Powell, il fustigatore
L’anno scorso, al termine della riunione della Federal Reserve (Fed) statunitense di dicembre, Jerome Powell tenne un discorso sorprendentemente accomodante in cui annunciò il concretizzarsi del famoso “pivot” nella politica monetaria, mentre la banca centrale chiudeva il capitolo dei rialzi dei tassi e iniziava a guardare ai tagli futuri. Questo suo discorso assunse le sembianze di un regalo di Natale e fu accolto con favore dai mercati degli asset rischiosi che ne approfittarono per chiudere il 2023 ai massimi dell’anno.
Questa volta, invece, Babbo Powell non ha nessuna bella sorpresa in serbo. Sebbene i membri della Fed abbiano deciso di tagliare nuovamente i tassi dello 0,25%, per un totale dell’1,0% nelle ultime tre riunioni, il tono è stato meno compiacente. I governatori anticipano 2 ulteriori tagli soltanto nel 2025 a differenza della riunione di settembre, in cui ne prevedevano 4. Sul fronte dell’inflazione, la Fed si aspetta un’inflazione di fondo molto più alta alla fine del 2025, al 2,5% rispetto alla precedente stima del 2,2%. Quanto alla crescita del PIL, rivista al rialzo in maniera significativa per l’anno, lo è stata marginalmente soltanto per il 2025, dal 2,0% al 2,1%. Questa riduzione drastica del ritmo dei tagli dei tassi, unita a prospettive di inflazione molto più forti in un contesto di crescita praticamente invariata, sono forse gli ingredienti di un cocktail in grado di spiegare la reazione molto negativa dei mercati azionari. Era dal marzo 2000 che l’S&P 500 non registrava, ad esempio, una performance peggiore dopo la riunione della Fed.

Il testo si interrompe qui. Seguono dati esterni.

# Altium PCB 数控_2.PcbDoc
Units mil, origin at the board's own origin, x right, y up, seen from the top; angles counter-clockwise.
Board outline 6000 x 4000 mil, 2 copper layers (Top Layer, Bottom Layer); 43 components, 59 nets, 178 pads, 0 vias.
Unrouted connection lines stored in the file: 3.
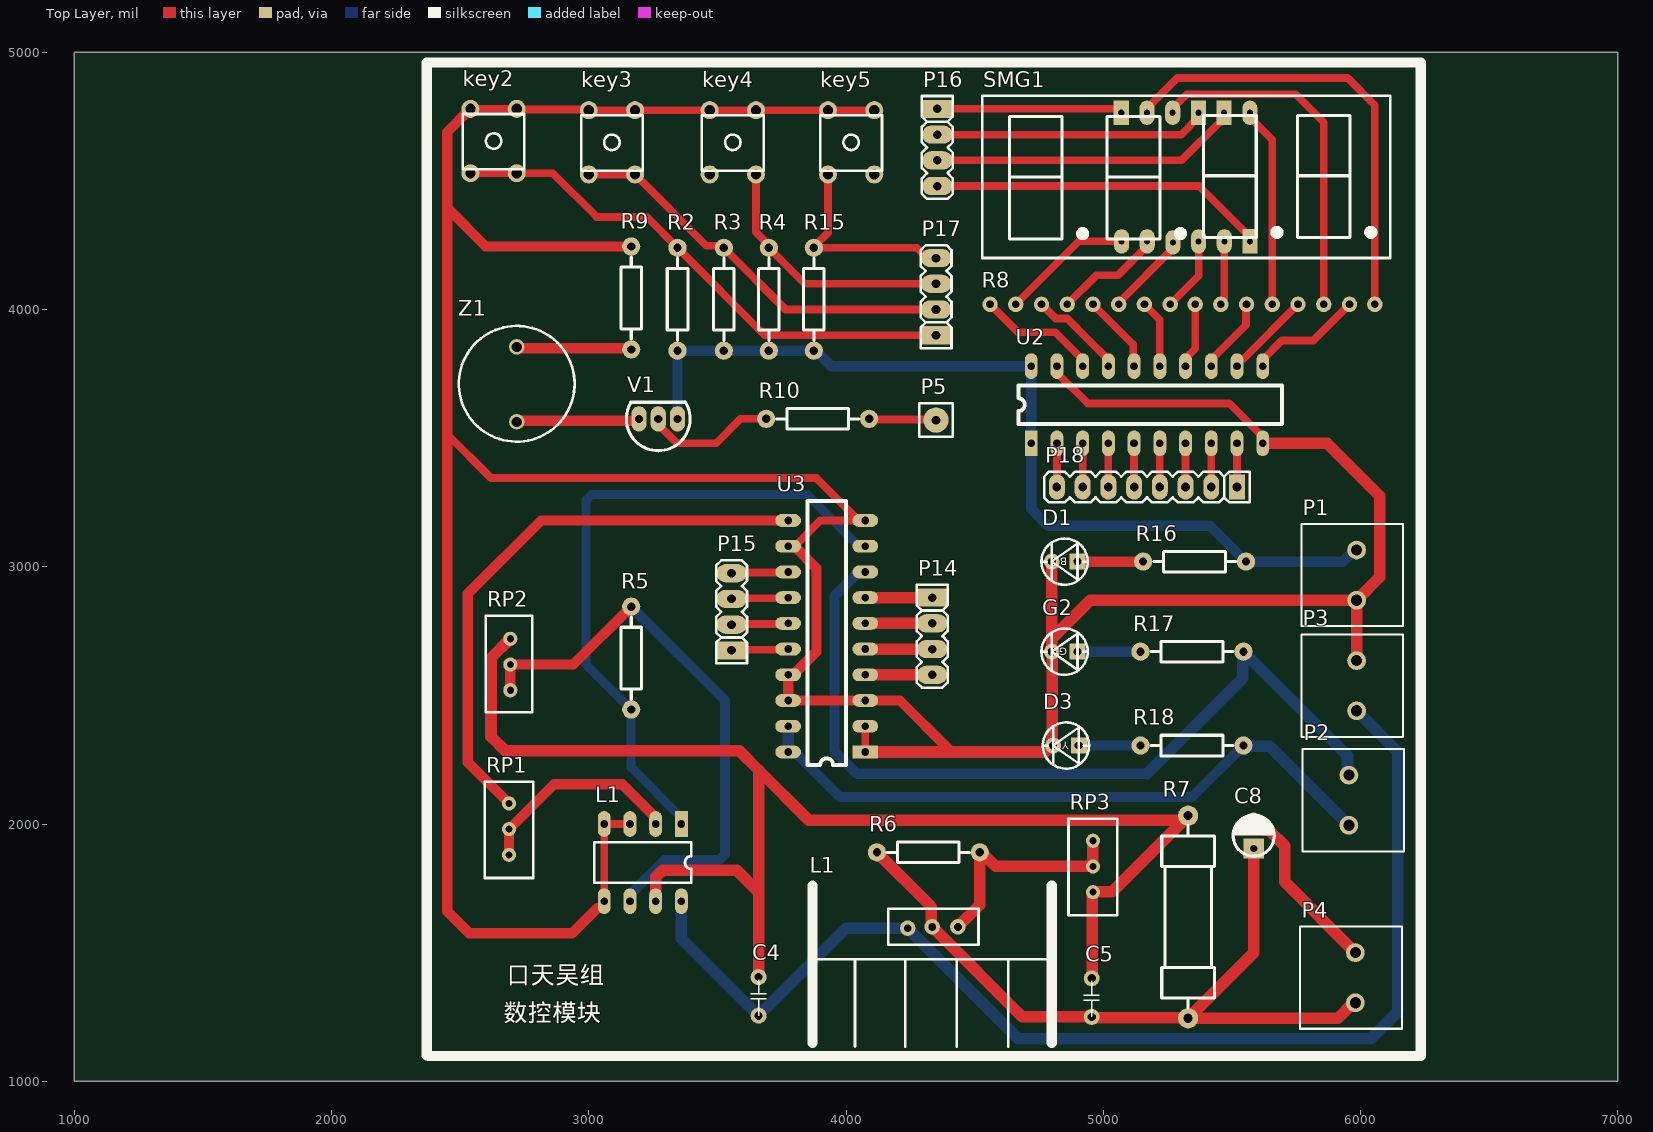
[diagram p0: Top Layer view]
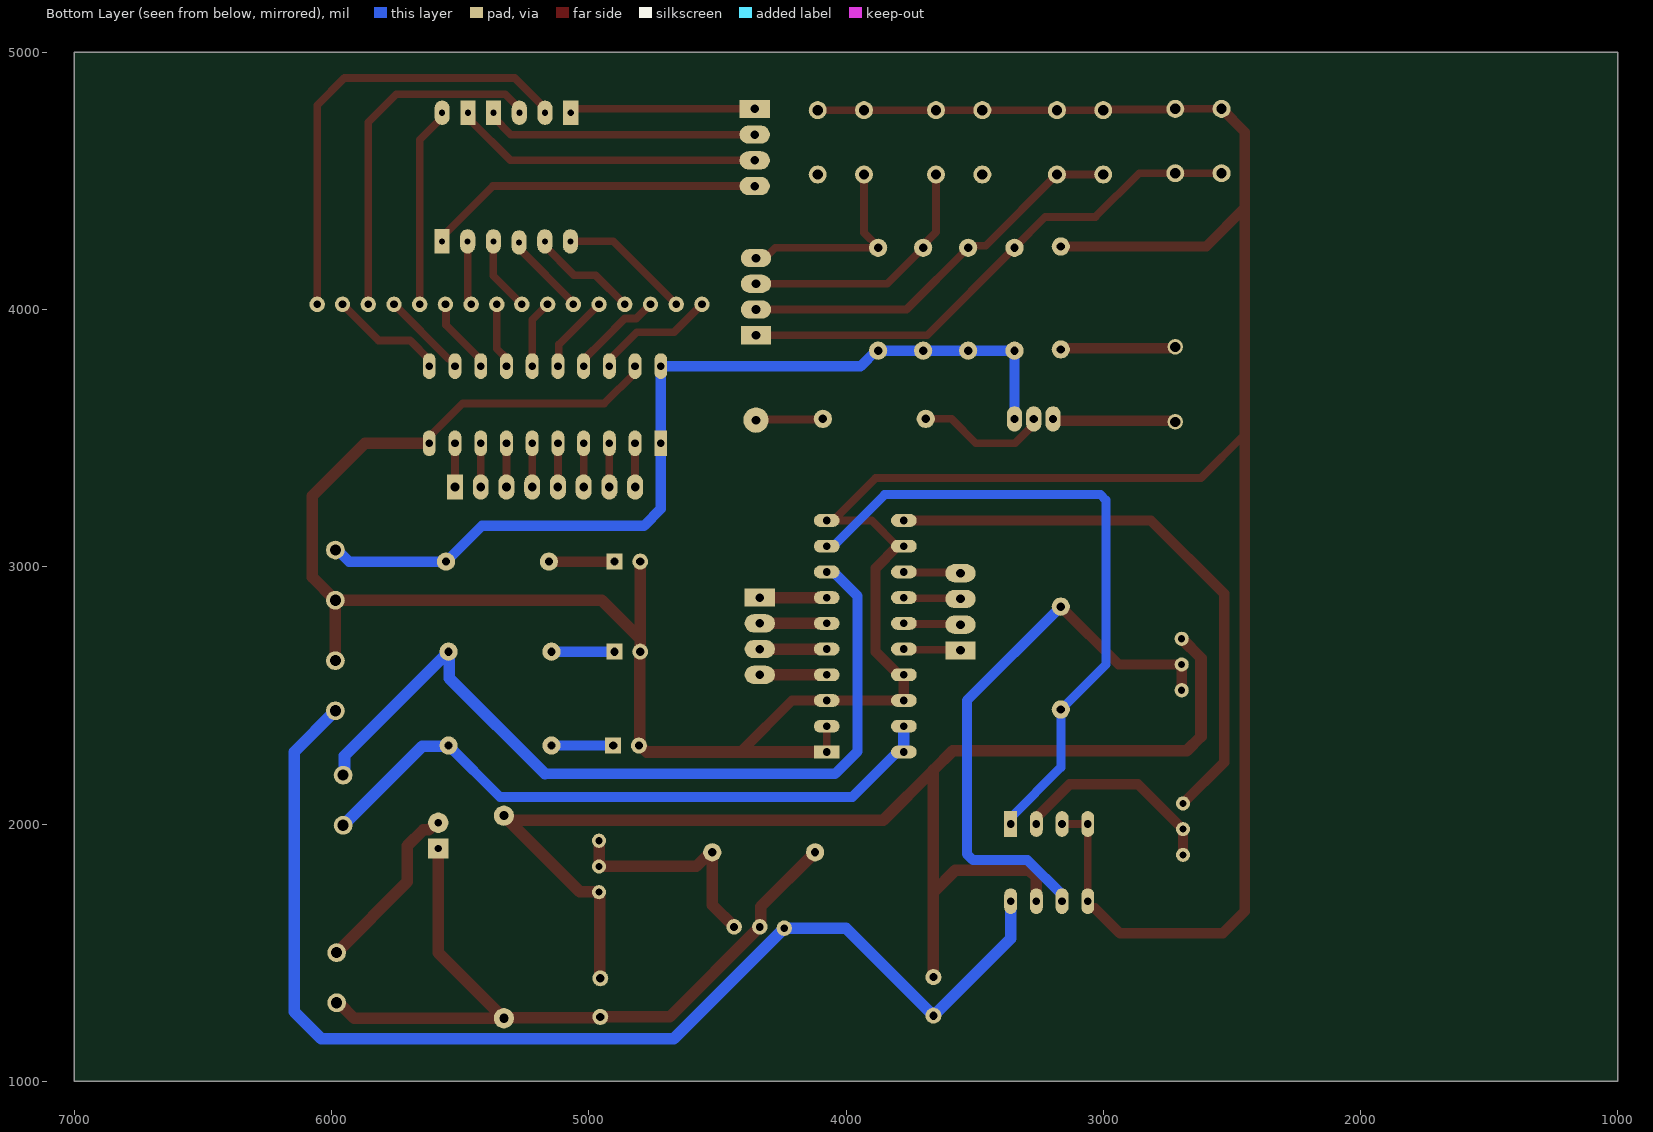
[diagram p1: Bottom Layer view, seen from below]
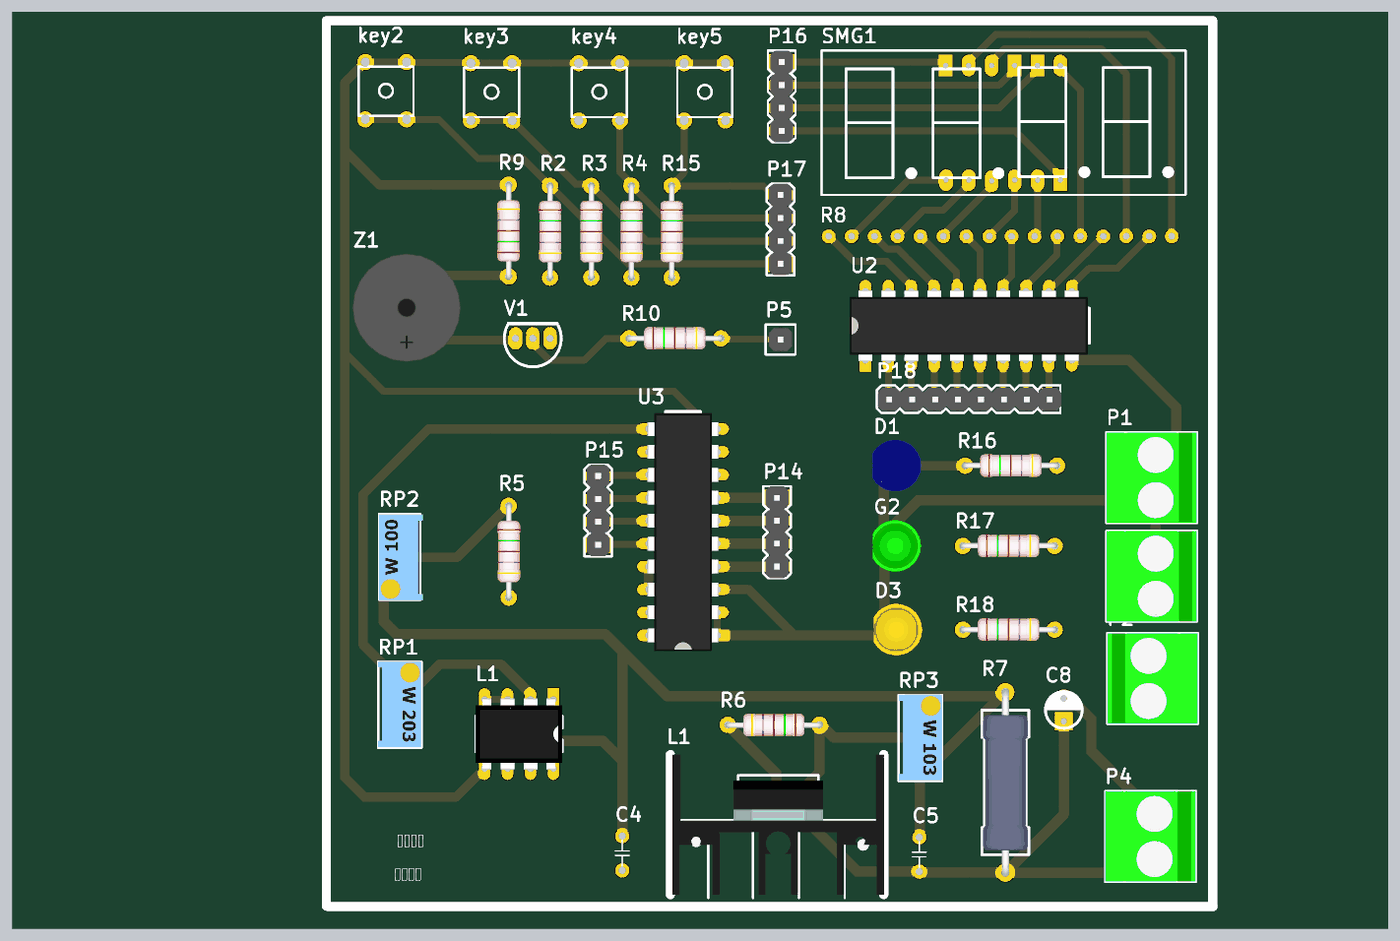
[diagram p2: 3D render of the assembled board from above, using the file's embedded part models]

## Layer stack, top to bottom
Top Solder: solder mask 0.4, Solder Resist, Dk 3.5
Top Layer: signal copper 1.4
Dielectric 1: dielectric 12.6, FR-4, Dk 4.8
Bottom Layer: signal copper 1.4
Bottom Solder: solder mask 0.4, Solder Resist, Dk 3.5

## Board outline
1000,1000 7000,1000 7000,5000 1000,5000

## Design rules (kind name [scope] priority, off if disabled: settings)
Clearance [All] p1: gap=10 ignorepadtopadclearanceinfootprint=FALSE except(0: Arc-Hole Track-Hole SMDPad-Hole THPad-Hole Via-Hole Fill-Hole Poly-Hole Region-Hole Text-Hole)
PolygonConnect [All] p1: connectstyle=Relief reliefconductorwidth=10 reliefentries=4 polygonreliefangle="90 Angle" airgapwidth=10
RoutingVias [All] p1: holewidth=28 width=50 viastyle="Through Hole" minholewidth=28 minwidth=50 maxholewidth=28 maxwidth=50
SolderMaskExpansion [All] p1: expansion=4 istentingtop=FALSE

La violenza della reazione può tuttavia destare stupore. Riducendo le previsioni di taglio dei tassi da 4 a 2, la Fed si è semplicemente allineata alle recenti aspettative dei mercati che pensavano forse che la banca centrale rimanesse un po’ più accomodante. In merito all’inflazione, la forte revisione delle aspettative per il 2025 solleva certamente dei dubbi. Jerome Powell ha però riconosciuto che alcuni membri della Fed scontavano nelle loro aspettative un ipotetico impatto della politica tariffaria di Donald Trump e che, nel breve termine, gli ultimi dati erano rassicuranti.
Questo brusco movimento di mercato sta a indicare due fattori: per primo, il livello molto elevato del mercato azionario statunitense in termini di valutazione sia assoluta che relativa, rispetto ad altri mercati azionari o al proprio track record, unito a un fortissimo ottimismo degli investitori. È la dimostrazione che ci si attende uno scenario economico perfetto, che pone le azioni statunitensi in una situazione in cui la minima notizia negativa può essere pagata a caro prezzo. È probabile che tutto questo continui fino a quando le valutazioni non torneranno ad attestarsi a livelli più ragionevoli.
In secondo luogo, viene così evidenziata la sensibilità estrema dei mercati – e di alcuni banchieri centrali – nei confronti dell’inflazione. È comprensibile, naturalmente, mentre stiamo uscendo da una fase di alta inflazione per entrare nell’ultimo miglio della disinflazione, il più lungo, e poiché la politica di Trump potrebbe rimescolare completamente le carte in tavola. Ne consegue tuttavia un’altra asimmetria sfavorevole. In questa fase, infatti, l’inflazione sta effettivamente continuando ad arretrare, anche se in maniera molto moderata, un trend che potrebbe diventare più evidente tra qualche mese quando uscirà dalla base di calcolo il forte aumento dei prezzi all’inizio del 2024. Allo stesso tempo, l’occupazione, il grande assente in questo racconto, continua a peggiorare, con una bassa creazione di posti di lavoro privati e un tasso di disoccupazione che aumenta sempre meno per via della crescita della popolazione attiva ma sempre più a causa della perdita secca di posti di lavoro.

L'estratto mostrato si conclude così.